**What you have to do**
Your answer should be the line containing "line L0 (-45.5, -45.5)" and every line after it to the end of the records below, word for word.

(Source data)
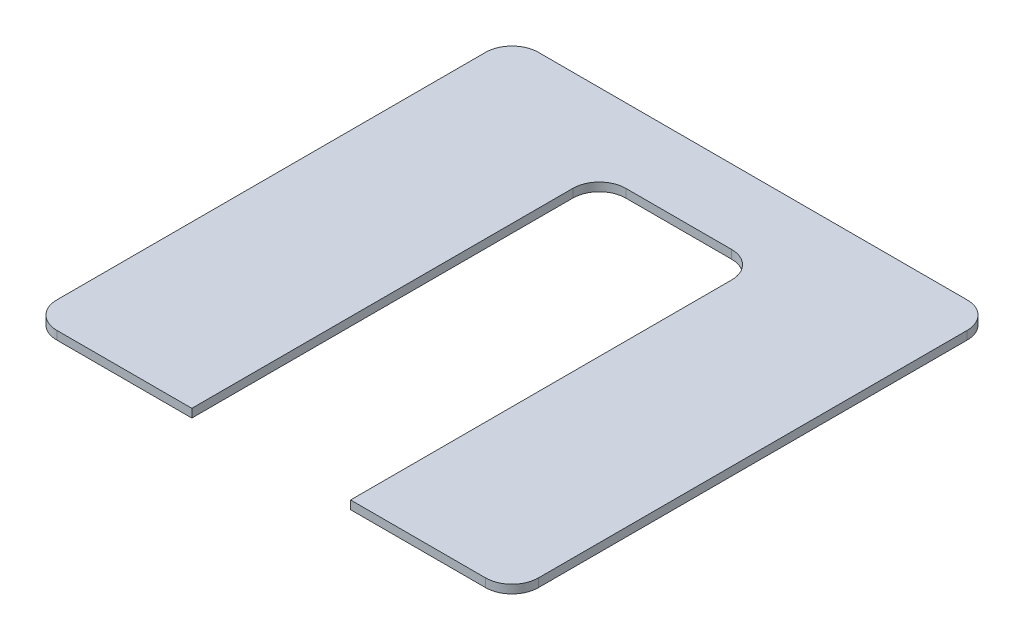
SolidWorks part; units mm, degrees
ref_plane "Front Plane" through (0, 0, 0) normal (0, 0, 1) x (1, 0, 0)
ref_plane "Top Plane" through (0, 0, 0) normal (0, 1, 0) x (1, 0, 0)
ref_plane "Right Plane" through (0, 0, 0) normal (1, 0, 0) x (0, 0, -1)
sketch "Sketch1" plane through (0, 0, 0) normal (0, 1, 0) x (1, 0, 0)
  line L1 (-45.5, -45.5) -> (45.5, -45.5)
  line L2 (-45.5, -45.5) -> (-45.5, 45.5)
  line L3 (-45.5, 45.5) -> (45.5, 45.5)
  line L4 (45.5, -45.5) -> (45.5, 45.5)
  line L5 (-45.5, -45.5) -> (45.5, 45.5) construction
  line L6 (-45.5, 45.5) -> (45.5, -45.5) construction
  point P0 (0, 0)
  dimension "D1" = 91
extrude "Boss-Extrude1" add sketch "Sketch1" along normal blind 1.6 contours L1 L4 L3 L2
sketch "Sketch2" plane through (0, 1.6, 0) normal (0, 1, 0) x (1, 0, 0)
  line L0 (-45.5, -45.5) -> (45.5, -45.5) construction
  line L1 (-15, 31.5) -> (15, 31.5)
  line L2 (-15, 31.5) -> (-15, -45.5)
  line L3 (-15, -45.5) -> (15, -45.5)
  line L4 (15, 31.5) -> (15, -45.5)
  line L5 (-15, 31.5) -> (15, -45.5) construction
  line L6 (-15, -45.5) -> (15, 31.5) construction
  point P0 (0, -7)
  dimension "D1" = 30
  dimension "D2" = 77
extrude "Cut-Extrude1" cut sketch "Sketch2" against normal through all
fillet "Fillet1" radius 5 6 edges at (-45.5, 0.8, -45.5) (-45.5, 0.8, 45.5) (45.5, 0.8, 45.5) (45.5, 0.8, -45.5) (15, 0.8, -31.5) (-15, 0.8, -31.5)

**Output below**
  line L0 (-45.5, -45.5) -> (45.5, -45.5) construction
  line L1 (-15, 31.5) -> (15, 31.5)
  line L2 (-15, 31.5) -> (-15, -45.5)
  line L3 (-15, -45.5) -> (15, -45.5)
  line L4 (15, 31.5) -> (15, -45.5)
  line L5 (-15, 31.5) -> (15, -45.5) construction
  line L6 (-15, -45.5) -> (15, 31.5) construction
  point P0 (0, -7)
  dimension "D1" = 30
  dimension "D2" = 77
extrude "Cut-Extrude1" cut sketch "Sketch2" against normal through all
fillet "Fillet1" radius 5 6 edges at (-45.5, 0.8, -45.5) (-45.5, 0.8, 45.5) (45.5, 0.8, 45.5) (45.5, 0.8, -45.5) (15, 0.8, -31.5) (-15, 0.8, -31.5)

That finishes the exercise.